◆ WHAT THE TASK ASKS
One part of the entries below is wanted: the lines from the one containing "#75=CARTESIAN_POINT('',(0.,0.,0.));" through the one containing "#111=PLANE('',#110);". Write those out exactly and nothing else.

◆ DATA SHOWN
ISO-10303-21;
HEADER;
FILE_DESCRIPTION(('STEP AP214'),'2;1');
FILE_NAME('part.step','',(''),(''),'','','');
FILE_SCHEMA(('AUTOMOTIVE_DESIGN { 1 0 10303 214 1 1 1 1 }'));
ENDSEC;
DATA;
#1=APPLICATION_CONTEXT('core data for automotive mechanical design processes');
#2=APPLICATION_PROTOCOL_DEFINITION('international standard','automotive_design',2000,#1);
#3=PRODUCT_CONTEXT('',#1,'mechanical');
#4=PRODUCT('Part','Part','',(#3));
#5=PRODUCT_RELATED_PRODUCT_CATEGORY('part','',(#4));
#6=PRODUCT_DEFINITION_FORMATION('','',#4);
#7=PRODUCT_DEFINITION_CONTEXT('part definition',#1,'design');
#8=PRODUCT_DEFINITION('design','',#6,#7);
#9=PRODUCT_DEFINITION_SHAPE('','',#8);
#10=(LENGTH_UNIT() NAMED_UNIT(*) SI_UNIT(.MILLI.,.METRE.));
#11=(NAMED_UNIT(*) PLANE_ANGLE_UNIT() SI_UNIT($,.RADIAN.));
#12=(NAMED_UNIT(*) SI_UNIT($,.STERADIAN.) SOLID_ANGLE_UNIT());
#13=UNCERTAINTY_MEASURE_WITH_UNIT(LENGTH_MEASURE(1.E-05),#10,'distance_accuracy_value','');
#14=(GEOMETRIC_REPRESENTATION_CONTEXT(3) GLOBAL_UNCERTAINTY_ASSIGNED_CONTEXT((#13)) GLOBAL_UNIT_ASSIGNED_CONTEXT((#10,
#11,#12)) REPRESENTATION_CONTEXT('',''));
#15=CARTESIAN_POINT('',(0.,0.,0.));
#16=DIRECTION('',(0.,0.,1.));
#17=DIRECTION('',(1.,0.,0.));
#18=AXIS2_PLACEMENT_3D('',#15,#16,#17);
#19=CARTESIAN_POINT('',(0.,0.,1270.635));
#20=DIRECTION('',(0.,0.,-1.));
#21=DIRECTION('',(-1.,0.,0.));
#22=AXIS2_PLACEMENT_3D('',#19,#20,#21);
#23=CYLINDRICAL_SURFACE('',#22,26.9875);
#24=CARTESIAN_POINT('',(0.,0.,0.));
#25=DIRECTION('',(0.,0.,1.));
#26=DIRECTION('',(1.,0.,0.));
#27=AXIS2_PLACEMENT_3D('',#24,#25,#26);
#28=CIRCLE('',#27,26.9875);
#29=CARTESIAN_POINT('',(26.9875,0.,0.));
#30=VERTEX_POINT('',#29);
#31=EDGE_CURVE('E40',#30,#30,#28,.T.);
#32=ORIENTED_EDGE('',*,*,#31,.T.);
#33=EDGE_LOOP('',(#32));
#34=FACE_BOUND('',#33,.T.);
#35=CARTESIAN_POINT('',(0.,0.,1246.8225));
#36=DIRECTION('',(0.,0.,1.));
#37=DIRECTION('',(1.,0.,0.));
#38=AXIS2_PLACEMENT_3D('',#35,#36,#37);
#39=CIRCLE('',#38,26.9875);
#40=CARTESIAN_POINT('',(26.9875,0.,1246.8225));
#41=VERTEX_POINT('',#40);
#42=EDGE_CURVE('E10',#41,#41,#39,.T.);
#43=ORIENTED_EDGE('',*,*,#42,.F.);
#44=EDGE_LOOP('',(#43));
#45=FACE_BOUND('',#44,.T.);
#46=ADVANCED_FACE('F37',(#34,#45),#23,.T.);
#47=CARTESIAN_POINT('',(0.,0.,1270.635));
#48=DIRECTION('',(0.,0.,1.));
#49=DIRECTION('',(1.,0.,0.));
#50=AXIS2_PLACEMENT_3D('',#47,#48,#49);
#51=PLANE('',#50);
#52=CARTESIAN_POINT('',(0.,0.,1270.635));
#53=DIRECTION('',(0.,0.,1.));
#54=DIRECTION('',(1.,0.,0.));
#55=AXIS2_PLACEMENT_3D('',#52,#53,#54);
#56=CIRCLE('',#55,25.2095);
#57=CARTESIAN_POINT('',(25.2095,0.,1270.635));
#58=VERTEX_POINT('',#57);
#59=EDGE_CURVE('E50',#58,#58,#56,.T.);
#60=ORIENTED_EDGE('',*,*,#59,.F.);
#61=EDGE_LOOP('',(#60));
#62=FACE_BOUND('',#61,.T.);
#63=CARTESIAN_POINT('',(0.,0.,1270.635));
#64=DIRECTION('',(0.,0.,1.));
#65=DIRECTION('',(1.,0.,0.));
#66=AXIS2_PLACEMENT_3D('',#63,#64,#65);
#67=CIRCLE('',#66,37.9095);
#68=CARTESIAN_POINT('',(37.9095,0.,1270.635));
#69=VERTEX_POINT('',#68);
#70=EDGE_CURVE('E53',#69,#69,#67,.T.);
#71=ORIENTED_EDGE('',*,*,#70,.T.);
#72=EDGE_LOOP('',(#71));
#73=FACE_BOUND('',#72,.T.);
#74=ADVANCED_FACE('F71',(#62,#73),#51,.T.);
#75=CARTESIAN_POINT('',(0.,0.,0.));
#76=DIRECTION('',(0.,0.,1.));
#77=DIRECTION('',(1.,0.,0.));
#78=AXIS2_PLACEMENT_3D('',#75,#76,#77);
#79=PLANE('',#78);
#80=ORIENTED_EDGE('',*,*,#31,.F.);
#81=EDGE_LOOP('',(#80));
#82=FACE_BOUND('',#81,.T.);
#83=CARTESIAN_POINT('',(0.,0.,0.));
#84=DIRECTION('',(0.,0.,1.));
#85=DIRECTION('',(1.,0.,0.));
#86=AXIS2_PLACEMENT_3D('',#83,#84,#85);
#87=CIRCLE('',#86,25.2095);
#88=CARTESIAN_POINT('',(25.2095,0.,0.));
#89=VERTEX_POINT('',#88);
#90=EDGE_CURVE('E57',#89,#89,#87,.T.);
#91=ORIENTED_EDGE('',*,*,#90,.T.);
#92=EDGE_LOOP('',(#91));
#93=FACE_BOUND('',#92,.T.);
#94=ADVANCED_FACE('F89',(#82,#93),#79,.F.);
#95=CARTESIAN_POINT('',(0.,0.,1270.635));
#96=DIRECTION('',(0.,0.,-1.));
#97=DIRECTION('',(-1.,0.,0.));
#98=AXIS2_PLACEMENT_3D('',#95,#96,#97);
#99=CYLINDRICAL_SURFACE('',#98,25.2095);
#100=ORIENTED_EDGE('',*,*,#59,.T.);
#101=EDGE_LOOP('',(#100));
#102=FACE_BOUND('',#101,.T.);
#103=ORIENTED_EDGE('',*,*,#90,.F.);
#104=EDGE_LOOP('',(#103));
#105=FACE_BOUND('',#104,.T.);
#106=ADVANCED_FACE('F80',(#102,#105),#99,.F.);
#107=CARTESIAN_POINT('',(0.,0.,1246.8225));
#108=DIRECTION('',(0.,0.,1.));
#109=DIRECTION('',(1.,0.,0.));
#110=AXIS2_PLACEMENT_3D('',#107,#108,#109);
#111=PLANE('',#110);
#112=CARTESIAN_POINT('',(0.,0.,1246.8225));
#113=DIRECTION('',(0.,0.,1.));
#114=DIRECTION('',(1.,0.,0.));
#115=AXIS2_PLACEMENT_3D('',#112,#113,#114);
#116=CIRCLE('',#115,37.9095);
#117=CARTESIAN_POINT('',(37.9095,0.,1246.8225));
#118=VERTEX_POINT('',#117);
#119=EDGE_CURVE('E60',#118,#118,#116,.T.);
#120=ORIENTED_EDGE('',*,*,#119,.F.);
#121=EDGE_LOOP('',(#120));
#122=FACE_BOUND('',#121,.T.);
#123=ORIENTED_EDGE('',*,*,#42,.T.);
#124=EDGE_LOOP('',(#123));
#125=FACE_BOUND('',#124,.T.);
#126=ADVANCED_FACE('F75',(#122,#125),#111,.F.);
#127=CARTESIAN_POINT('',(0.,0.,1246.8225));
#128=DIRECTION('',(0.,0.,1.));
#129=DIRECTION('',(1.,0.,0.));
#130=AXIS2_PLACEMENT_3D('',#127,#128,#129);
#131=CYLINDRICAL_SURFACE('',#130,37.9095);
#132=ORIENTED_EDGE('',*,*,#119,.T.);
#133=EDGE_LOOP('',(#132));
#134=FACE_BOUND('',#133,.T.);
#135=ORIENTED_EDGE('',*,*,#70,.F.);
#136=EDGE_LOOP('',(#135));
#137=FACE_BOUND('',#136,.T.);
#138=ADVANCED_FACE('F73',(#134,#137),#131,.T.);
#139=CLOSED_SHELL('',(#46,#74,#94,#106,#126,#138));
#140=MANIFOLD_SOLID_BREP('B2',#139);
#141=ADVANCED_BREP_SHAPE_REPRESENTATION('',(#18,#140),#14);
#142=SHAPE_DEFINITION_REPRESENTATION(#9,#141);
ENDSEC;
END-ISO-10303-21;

◆ YOUR SOLUTION
#75=CARTESIAN_POINT('',(0.,0.,0.));
#76=DIRECTION('',(0.,0.,1.));
#77=DIRECTION('',(1.,0.,0.));
#78=AXIS2_PLACEMENT_3D('',#75,#76,#77);
#79=PLANE('',#78);
#80=ORIENTED_EDGE('',*,*,#31,.F.);
#81=EDGE_LOOP('',(#80));
#82=FACE_BOUND('',#81,.T.);
#83=CARTESIAN_POINT('',(0.,0.,0.));
#84=DIRECTION('',(0.,0.,1.));
#85=DIRECTION('',(1.,0.,0.));
#86=AXIS2_PLACEMENT_3D('',#83,#84,#85);
#87=CIRCLE('',#86,25.2095);
#88=CARTESIAN_POINT('',(25.2095,0.,0.));
#89=VERTEX_POINT('',#88);
#90=EDGE_CURVE('E57',#89,#89,#87,.T.);
#91=ORIENTED_EDGE('',*,*,#90,.T.);
#92=EDGE_LOOP('',(#91));
#93=FACE_BOUND('',#92,.T.);
#94=ADVANCED_FACE('F89',(#82,#93),#79,.F.);
#95=CARTESIAN_POINT('',(0.,0.,1270.635));
#96=DIRECTION('',(0.,0.,-1.));
#97=DIRECTION('',(-1.,0.,0.));
#98=AXIS2_PLACEMENT_3D('',#95,#96,#97);
#99=CYLINDRICAL_SURFACE('',#98,25.2095);
#100=ORIENTED_EDGE('',*,*,#59,.T.);
#101=EDGE_LOOP('',(#100));
#102=FACE_BOUND('',#101,.T.);
#103=ORIENTED_EDGE('',*,*,#90,.F.);
#104=EDGE_LOOP('',(#103));
#105=FACE_BOUND('',#104,.T.);
#106=ADVANCED_FACE('F80',(#102,#105),#99,.F.);
#107=CARTESIAN_POINT('',(0.,0.,1246.8225));
#108=DIRECTION('',(0.,0.,1.));
#109=DIRECTION('',(1.,0.,0.));
#110=AXIS2_PLACEMENT_3D('',#107,#108,#109);
#111=PLANE('',#110);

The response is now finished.